Out-Of-Distribution Anomaly Detection

Method	ROC-AUC ( $\uparrow$ )
	IID	NEAR	FAR
OC-SVM [3]	76.86	71.43	49.57
IsoForest [10]	86.09	75.26	27.16
ECOD [6]	84.76	44.87	49.19
COPOD [8]	85.62	54.24	50.42
LOF [11]	91.50	79.29	34.96
SO-GAAL [1]	50.48	54.55	49.35
deepSVDD [2]	92.67	87.00	34.53
AE for anomalies [4]	81.00	44.06	19.96
LUNAR [9]	85.75	49.03	28.19
InternalContrastiveLearning [7]	84.86	52.26	22.45
BERT for anomalies [5]	84.54	86.05	28.15

• Average results over multiple runs
• Train data files "[year]_subset.parquet" with year in {2006, 2007, 2008, 2009, 2010}
• IID test data files "[year]_subset_valid.parquet" with year in {2006, 2007, 2008, 2009, 2010}
• NEAR test data files "[year]_subset.parquet" with year in {2011, 2012, 2013}
• FAR test data files "[year]_subset.parquet" with year in {2014, 2015}
• Results for each split are reported as an average over the performance on each year
• Scripts for repoducing the results are available in 'baselines_OOD_setup/' (check Baselines section for more details).
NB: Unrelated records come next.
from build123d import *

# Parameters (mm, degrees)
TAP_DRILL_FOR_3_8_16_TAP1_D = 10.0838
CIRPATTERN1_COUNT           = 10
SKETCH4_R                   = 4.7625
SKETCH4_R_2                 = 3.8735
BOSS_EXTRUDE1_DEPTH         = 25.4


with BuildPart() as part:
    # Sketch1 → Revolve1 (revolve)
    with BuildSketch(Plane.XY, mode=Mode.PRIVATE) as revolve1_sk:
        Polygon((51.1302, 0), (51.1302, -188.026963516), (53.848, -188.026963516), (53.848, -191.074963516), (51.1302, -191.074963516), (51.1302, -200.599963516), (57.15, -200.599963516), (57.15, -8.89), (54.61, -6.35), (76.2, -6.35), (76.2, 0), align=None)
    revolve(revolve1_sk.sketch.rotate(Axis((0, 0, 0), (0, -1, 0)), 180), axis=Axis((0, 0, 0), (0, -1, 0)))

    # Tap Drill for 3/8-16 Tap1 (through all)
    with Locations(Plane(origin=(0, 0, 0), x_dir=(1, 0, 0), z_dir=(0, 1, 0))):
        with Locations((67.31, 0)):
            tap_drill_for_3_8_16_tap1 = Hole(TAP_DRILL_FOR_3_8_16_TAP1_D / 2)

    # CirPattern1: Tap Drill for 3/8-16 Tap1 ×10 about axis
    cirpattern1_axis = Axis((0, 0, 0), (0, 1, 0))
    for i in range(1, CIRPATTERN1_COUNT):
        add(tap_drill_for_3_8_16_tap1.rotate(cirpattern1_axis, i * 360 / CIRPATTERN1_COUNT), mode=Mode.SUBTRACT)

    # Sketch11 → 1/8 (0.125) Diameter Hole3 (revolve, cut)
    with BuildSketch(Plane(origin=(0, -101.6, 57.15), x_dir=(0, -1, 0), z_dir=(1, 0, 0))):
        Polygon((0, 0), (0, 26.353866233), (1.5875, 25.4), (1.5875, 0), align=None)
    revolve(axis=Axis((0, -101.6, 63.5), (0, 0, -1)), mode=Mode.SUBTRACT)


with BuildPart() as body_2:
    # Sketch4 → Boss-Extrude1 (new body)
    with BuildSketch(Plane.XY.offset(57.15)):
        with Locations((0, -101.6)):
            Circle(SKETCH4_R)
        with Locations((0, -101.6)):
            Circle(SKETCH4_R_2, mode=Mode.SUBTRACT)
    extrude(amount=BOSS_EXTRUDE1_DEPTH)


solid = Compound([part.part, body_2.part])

In-Distribution Anomaly Detection

Method	ROC-AUC ( $\uparrow$ )
OC-SVM [3]	68.73
IsoForest [10]	81.27
ECOD [6]	79.41
COPOD [8]	80.89
LOF [11]	87.61
SO-GAAL [1]	49.90
deepSVDD [2]	88.24
AE for anomalies [4]	64.08
LUNAR [9]	78.53
InternalContrastiveLearning [7]	66.99
BERT for anomalies [5]	79.62

• Average results over multiple runs
• Train data files "[year]_subset.parquet" with year in {2006, 2007, 2008, 2009, 2010, 2011, 2012, 2013, 2014, 2015}
• Test data files "[year]_subset_valid.parquet" with year in {2006, 2007, 2008, 2009, 2010, 2011, 2012, 2013, 2014, 2015}
• Scripts for repoducing the results are available in 'baselines_ID_setup/' (check Baselines section for more details).

AnoShift Protocol

• We introduce an unsupervised anomaly detection benchmark with data that shifts over time, built over Kyoto-2006+, a traffic dataset for network intrusion detection. This type of data meets the premise of shifting the input distribution: it covers a large time span (from 2006 to 2015), with naturally occurring changes over time. In AnoShift, we split the data in IID, NEAR, and FAR testing splits. We validate the performance degradation over time with diverse models (MLM to classical Isolation Forest).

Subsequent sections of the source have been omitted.